Having studied furniture earlier on in your eduaction, what was it that moved you into surface design?
My cardboard work was picked up in 2008/09 by Stella McCartney's team and they commissioned me to create a wall covering for their shop in Paris. This job showed me the potential for my work as surfaces. I was still studying for my masters at the Royal College of Art at the time so I began to use my time there to develop new materials, and the consequences have lead to a first collection of surfaces that was launched during 100% design this year.
Would you say experimentation is quite a vital part of your process?
I believe experimentation is the only real path to true design originality. It’s very hard to avoid your mind becoming saturated by all the other work out there, and undertaking your own process and letting it drive itself in an experimental way is really the best way to find true innovation and originality.
Do you manufacture in the UK? How do you feel about keeping manufacturing in the UK for British design companies?
Retaining my manufacturing in the UK is currently a vital part of my philosophy and practice. Not only is it important to develop personal relationships with manufacturers, but it is hugely beneficial to the UK industries that designers try to retain business within the UK. I have had experience with working with overseas manufacturers recently having been forced by a client’s limited budget, but it was not a satisfying outcome for reasons that could have been avoided with UK production. That's my British industry plug!

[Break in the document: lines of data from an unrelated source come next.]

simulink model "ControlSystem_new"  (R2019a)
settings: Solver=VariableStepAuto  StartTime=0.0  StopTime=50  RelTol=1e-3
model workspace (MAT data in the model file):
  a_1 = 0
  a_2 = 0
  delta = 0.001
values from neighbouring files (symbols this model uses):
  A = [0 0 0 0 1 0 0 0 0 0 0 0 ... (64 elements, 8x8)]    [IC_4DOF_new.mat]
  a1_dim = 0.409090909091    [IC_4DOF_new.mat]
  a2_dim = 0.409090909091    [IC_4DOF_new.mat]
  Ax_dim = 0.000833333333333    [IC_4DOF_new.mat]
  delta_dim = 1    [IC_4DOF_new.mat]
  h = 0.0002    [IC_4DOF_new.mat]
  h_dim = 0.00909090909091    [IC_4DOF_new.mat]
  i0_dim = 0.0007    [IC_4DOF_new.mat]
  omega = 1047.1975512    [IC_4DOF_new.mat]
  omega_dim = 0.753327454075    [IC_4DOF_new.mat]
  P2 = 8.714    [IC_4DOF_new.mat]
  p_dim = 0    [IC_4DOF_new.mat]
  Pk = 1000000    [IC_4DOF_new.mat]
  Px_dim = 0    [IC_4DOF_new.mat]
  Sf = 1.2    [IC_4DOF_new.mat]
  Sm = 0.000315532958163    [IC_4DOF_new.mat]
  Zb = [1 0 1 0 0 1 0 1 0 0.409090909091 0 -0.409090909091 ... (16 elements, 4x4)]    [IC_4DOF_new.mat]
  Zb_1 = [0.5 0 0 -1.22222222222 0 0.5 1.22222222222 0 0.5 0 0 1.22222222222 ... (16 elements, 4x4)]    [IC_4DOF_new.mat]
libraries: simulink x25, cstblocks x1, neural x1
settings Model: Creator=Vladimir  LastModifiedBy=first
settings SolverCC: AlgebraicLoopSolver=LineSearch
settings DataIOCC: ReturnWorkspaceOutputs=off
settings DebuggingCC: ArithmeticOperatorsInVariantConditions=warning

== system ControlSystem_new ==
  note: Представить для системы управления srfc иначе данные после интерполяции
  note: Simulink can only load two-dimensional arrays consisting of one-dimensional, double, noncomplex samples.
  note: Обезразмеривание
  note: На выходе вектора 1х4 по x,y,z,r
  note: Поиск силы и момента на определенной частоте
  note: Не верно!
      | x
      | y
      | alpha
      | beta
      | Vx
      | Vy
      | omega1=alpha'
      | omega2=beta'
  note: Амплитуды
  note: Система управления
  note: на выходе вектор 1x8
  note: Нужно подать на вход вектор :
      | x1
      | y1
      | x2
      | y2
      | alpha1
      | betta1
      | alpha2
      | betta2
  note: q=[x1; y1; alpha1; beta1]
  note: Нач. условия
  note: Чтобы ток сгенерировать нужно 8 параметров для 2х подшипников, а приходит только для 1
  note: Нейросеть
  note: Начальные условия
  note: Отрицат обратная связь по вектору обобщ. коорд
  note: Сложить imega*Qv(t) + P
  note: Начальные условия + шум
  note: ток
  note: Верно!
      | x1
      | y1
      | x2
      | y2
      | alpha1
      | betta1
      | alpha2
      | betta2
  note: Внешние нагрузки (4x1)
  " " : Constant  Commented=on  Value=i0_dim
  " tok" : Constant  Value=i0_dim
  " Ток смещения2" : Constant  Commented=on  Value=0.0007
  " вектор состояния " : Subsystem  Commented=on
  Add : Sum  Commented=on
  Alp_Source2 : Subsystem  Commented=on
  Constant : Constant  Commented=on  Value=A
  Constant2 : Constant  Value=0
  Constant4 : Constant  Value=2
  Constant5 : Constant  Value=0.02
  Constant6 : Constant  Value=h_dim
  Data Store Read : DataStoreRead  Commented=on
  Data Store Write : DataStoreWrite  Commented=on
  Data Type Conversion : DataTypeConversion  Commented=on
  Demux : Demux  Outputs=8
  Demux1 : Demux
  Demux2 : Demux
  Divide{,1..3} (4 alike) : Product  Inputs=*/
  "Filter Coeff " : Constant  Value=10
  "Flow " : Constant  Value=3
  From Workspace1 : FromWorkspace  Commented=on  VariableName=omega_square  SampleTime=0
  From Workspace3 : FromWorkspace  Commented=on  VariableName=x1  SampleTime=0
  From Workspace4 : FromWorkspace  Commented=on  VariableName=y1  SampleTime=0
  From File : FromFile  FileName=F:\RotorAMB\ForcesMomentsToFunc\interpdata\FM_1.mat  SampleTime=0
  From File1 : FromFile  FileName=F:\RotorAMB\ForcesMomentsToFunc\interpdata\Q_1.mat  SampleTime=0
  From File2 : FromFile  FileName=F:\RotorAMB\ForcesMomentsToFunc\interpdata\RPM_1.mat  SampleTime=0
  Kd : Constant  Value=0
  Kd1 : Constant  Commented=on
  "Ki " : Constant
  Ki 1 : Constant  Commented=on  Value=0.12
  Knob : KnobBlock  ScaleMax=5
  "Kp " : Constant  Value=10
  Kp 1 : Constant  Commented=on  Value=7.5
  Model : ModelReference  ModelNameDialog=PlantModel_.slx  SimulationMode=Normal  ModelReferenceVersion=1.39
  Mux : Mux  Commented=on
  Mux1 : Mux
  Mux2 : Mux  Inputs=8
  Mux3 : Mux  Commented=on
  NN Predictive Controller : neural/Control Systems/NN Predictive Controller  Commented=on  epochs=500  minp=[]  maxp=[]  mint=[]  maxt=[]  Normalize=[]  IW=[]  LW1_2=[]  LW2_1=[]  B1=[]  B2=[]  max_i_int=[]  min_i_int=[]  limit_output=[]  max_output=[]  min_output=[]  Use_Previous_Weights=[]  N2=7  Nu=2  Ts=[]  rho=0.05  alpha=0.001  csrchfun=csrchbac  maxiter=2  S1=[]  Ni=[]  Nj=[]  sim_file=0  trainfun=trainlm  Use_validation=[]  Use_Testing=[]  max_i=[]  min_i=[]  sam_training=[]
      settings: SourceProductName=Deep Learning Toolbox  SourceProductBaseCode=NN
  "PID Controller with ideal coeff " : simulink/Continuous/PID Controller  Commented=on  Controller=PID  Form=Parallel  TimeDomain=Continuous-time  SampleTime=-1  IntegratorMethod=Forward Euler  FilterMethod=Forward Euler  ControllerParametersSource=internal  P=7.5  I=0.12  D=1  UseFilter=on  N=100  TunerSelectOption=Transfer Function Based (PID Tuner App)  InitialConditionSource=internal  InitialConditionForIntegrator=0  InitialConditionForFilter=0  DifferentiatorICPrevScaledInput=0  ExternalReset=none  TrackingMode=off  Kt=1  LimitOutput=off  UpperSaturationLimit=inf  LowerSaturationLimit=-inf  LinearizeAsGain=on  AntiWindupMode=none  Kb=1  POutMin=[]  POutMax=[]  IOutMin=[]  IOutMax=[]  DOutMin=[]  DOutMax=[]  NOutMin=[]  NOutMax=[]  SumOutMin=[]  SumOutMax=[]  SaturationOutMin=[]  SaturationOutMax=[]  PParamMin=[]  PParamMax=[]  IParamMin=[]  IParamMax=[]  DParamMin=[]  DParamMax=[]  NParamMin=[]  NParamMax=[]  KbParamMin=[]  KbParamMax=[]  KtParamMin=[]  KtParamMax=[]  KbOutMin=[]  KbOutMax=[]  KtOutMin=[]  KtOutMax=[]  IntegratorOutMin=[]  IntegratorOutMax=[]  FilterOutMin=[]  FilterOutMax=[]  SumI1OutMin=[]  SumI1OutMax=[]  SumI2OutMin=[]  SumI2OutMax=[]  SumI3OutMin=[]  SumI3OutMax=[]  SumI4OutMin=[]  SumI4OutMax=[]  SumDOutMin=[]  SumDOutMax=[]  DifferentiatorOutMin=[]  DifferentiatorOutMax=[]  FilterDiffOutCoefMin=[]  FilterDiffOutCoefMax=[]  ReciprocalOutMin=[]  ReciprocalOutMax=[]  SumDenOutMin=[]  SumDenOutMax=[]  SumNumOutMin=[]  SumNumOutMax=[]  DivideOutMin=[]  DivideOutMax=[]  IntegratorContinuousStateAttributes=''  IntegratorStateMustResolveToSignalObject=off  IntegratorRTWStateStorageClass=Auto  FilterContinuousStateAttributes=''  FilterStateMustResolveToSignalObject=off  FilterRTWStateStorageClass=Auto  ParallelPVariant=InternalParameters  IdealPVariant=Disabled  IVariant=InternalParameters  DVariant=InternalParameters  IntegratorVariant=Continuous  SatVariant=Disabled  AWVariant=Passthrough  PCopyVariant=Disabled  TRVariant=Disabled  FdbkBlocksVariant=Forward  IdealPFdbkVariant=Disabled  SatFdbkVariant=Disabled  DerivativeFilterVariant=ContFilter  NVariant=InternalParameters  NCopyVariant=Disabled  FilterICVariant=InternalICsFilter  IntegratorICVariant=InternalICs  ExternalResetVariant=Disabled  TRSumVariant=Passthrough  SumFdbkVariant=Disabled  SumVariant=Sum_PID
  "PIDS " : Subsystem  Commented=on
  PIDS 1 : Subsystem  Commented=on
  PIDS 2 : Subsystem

Being a recognisable talent, do you find most trade comes to you or do you still have to work quite hard at promoting your business?
I don't think I'm widely recognised outside the design industry at all, but there is always an element of passed business or word of mouth which helps bring in work. That said, press is usually the key to new work, and other than the odd trade show I do not put too much into promotion. It rather diminishes the chance to design.
What would you say is the most exciting project you have worked on so far?
I'm afraid it’s hard to pin one project down, but over the last 3 months I have been fortunate enough to work on exciting projects with Bombay Sapphire, Stella McCartney and Selfridges in a rush of excitement that I hope will continue!
Do you have any quick advice for new design graduates hoping to set up their own business within industry?
I would say that despite my poor example, it’s worth getting some experience within a similar field to where you'd like to end up first. If, like me, you don't have the patience then get in touch with Hidden Art, show your work during the London Design Festival at the biggest trade show you can afford, and sort out some lovely photos of your work to send to press. Best of luck!
Monday, 11 October 2010
A report for Arts Thread by Helen Stevens - Surface//Philia. As part of London Design Festival, Craft Central put on a ‘One Day Sale’. I caught up with Emma Jeffs, a UK award winning designer with a passion for materials and print.
Since 2000 Emma Jeffs has been running a business which experiments with printing and research of print technologies. Emma’s investigations were awarded with a UK government NESTA two year fellowship allowing her to delve further into experimentation.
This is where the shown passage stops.